[Entries taken from a collection]
*-*-*
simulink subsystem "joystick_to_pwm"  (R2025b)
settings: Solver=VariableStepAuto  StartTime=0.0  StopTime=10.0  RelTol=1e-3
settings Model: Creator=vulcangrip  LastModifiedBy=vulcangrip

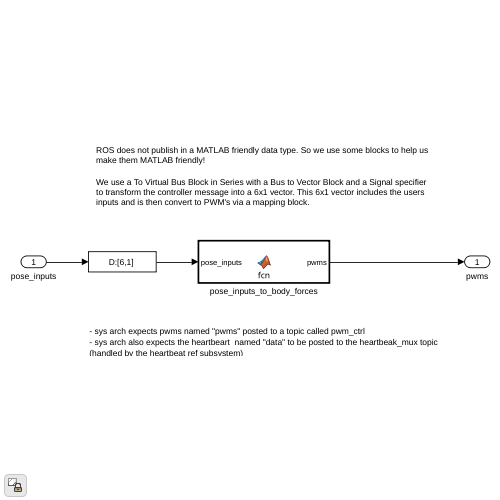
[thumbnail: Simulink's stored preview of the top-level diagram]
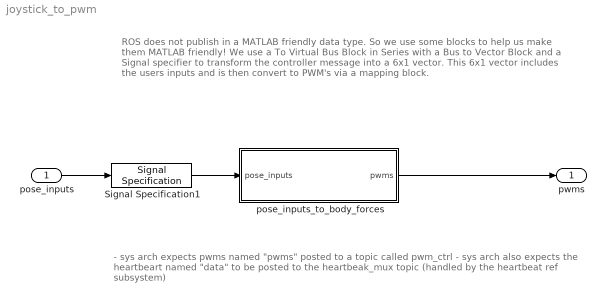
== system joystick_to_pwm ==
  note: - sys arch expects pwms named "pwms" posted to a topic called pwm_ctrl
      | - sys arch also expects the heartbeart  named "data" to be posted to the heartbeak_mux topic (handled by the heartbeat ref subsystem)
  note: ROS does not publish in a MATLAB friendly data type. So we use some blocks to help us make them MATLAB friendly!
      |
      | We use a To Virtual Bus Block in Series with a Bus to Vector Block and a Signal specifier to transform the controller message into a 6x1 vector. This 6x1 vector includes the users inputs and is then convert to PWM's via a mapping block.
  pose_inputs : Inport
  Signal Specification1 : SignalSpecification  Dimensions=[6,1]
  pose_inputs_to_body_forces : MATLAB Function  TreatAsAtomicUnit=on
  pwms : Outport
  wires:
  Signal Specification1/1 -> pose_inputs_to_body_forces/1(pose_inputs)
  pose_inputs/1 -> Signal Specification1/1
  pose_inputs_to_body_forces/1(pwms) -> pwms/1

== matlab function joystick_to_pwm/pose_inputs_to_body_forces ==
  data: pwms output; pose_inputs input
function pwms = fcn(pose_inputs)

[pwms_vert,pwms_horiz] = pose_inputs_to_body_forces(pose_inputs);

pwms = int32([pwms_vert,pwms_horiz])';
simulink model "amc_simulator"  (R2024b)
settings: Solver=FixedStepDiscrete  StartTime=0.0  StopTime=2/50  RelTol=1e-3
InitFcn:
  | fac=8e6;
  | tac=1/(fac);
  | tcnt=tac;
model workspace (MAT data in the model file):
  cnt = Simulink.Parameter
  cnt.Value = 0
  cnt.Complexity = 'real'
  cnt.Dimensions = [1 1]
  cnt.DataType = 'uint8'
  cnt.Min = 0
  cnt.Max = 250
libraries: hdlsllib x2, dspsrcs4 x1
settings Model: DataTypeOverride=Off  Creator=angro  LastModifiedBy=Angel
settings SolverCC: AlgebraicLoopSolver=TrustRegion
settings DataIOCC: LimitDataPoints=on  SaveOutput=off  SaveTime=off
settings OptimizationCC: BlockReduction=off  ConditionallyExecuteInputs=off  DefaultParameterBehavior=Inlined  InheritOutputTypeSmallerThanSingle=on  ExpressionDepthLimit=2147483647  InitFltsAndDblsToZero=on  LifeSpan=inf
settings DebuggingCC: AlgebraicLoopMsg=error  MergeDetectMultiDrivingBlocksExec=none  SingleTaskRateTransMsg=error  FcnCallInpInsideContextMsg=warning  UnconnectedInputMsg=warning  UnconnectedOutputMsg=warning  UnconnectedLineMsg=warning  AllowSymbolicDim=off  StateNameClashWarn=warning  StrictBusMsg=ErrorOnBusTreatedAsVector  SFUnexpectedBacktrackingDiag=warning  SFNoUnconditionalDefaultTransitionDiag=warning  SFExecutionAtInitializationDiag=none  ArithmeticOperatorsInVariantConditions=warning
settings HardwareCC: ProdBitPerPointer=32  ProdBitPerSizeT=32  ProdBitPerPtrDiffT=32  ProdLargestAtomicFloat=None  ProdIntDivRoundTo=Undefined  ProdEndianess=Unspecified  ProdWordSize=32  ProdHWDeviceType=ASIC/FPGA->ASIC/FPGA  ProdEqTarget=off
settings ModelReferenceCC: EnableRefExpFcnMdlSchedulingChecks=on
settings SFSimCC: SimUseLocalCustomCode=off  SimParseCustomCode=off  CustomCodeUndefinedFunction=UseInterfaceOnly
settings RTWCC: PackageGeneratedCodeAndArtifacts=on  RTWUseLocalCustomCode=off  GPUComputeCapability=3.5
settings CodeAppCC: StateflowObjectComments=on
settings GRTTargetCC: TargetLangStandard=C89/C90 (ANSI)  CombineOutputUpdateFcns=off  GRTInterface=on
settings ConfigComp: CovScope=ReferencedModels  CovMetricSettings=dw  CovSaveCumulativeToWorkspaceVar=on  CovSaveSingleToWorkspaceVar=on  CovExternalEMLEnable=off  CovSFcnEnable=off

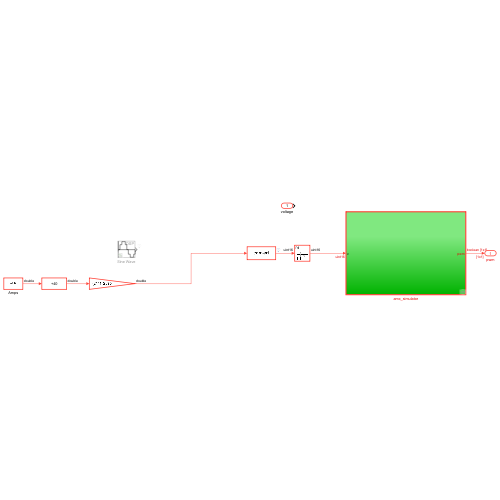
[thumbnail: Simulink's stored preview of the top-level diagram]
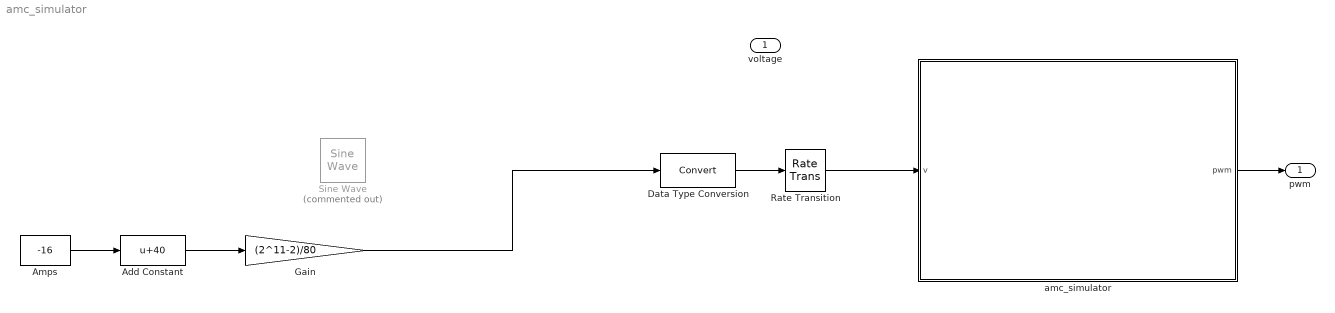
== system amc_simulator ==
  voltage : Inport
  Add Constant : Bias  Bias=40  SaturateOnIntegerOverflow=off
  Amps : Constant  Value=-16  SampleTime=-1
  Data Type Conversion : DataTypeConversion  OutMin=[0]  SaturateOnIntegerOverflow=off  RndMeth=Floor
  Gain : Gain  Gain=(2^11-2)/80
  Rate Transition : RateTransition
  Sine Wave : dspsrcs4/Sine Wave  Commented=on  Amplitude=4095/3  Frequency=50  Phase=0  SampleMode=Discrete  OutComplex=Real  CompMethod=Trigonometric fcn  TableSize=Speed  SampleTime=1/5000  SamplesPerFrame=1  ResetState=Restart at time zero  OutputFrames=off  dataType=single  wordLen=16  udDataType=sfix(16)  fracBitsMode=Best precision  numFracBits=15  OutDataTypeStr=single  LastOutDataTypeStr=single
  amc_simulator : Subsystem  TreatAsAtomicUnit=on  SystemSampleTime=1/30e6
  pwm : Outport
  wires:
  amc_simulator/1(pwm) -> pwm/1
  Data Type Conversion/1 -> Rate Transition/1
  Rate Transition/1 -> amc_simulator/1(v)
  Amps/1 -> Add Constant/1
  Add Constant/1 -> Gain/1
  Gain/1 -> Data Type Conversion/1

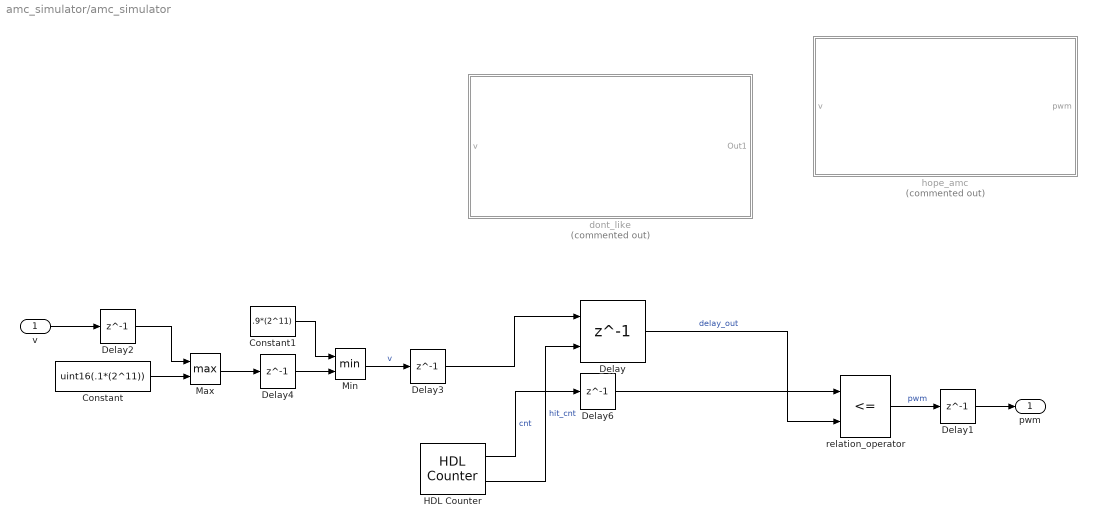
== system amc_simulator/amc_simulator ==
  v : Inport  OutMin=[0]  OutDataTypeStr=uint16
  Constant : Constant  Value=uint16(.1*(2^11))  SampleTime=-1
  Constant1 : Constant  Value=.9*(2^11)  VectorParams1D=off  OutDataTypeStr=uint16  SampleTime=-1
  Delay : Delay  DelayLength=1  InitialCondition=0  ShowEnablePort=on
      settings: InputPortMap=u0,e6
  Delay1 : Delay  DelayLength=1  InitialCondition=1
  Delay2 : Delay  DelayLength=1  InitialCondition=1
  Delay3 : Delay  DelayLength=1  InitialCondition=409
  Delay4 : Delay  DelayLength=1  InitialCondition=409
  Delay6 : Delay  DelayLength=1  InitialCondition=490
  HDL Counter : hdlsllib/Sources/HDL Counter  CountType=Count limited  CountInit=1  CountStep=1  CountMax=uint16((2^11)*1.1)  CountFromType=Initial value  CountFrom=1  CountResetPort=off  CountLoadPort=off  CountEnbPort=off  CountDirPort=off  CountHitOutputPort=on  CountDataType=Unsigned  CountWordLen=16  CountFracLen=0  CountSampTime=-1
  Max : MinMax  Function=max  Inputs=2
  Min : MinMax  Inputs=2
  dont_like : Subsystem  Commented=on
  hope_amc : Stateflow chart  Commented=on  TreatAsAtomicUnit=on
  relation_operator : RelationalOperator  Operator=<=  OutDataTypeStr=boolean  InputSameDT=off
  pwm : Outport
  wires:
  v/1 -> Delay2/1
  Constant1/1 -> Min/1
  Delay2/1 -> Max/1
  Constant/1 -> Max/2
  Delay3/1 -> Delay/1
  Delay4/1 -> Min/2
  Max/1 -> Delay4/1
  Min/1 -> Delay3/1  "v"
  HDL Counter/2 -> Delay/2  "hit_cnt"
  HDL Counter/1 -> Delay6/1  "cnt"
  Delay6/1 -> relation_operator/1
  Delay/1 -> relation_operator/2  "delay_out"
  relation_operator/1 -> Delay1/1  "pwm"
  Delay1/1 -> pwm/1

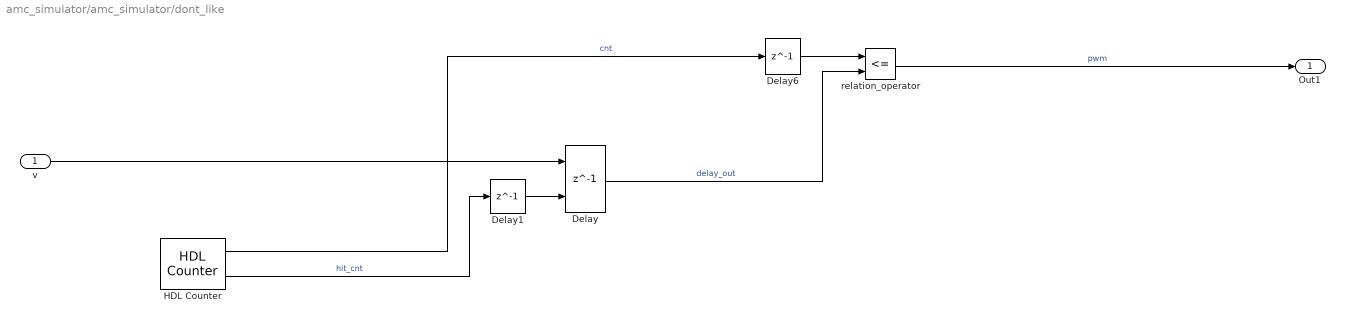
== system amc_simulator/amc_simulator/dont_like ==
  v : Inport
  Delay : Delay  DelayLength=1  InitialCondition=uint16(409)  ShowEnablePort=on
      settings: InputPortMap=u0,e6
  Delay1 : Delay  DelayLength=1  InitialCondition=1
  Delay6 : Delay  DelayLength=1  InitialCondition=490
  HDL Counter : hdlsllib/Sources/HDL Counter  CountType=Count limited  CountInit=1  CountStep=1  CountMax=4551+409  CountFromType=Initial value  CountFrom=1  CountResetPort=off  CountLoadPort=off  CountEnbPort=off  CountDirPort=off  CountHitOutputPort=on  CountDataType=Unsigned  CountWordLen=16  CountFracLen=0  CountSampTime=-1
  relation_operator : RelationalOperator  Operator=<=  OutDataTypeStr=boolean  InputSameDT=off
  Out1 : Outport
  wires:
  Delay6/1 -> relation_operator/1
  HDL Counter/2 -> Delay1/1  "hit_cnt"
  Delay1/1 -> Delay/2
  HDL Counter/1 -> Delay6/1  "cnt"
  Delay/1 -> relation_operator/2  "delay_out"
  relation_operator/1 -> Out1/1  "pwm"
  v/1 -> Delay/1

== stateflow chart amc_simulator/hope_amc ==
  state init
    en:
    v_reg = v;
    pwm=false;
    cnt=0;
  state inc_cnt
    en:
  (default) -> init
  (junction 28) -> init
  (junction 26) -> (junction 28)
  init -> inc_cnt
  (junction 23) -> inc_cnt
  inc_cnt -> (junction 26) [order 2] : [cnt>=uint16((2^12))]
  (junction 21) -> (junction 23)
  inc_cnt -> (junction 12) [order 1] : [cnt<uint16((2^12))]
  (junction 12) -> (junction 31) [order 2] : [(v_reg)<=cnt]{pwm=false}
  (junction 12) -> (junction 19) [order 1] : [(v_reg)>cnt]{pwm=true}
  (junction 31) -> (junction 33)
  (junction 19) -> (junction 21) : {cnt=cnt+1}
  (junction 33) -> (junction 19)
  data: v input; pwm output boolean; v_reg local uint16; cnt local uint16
*-*-*
- How to complete this task
Using the records above, set down exactly the lines from the one with "Amps : Constant" through the one with "Sine Wave : dspsrcs4/Sine", inclusive, and nothing more.

- Answer area
  Amps : Constant  Value=-16  SampleTime=-1
  Data Type Conversion : DataTypeConversion  OutMin=[0]  SaturateOnIntegerOverflow=off  RndMeth=Floor
  Gain : Gain  Gain=(2^11-2)/80
  Rate Transition : RateTransition
  Sine Wave : dspsrcs4/Sine Wave  Commented=on  Amplitude=4095/3  Frequency=50  Phase=0  SampleMode=Discrete  OutComplex=Real  CompMethod=Trigonometric fcn  TableSize=Speed  SampleTime=1/5000  SamplesPerFrame=1  ResetState=Restart at time zero  OutputFrames=off  dataType=single  wordLen=16  udDataType=sfix(16)  fracBitsMode=Best precision  numFracBits=15  OutDataTypeStr=single  LastOutDataTypeStr=single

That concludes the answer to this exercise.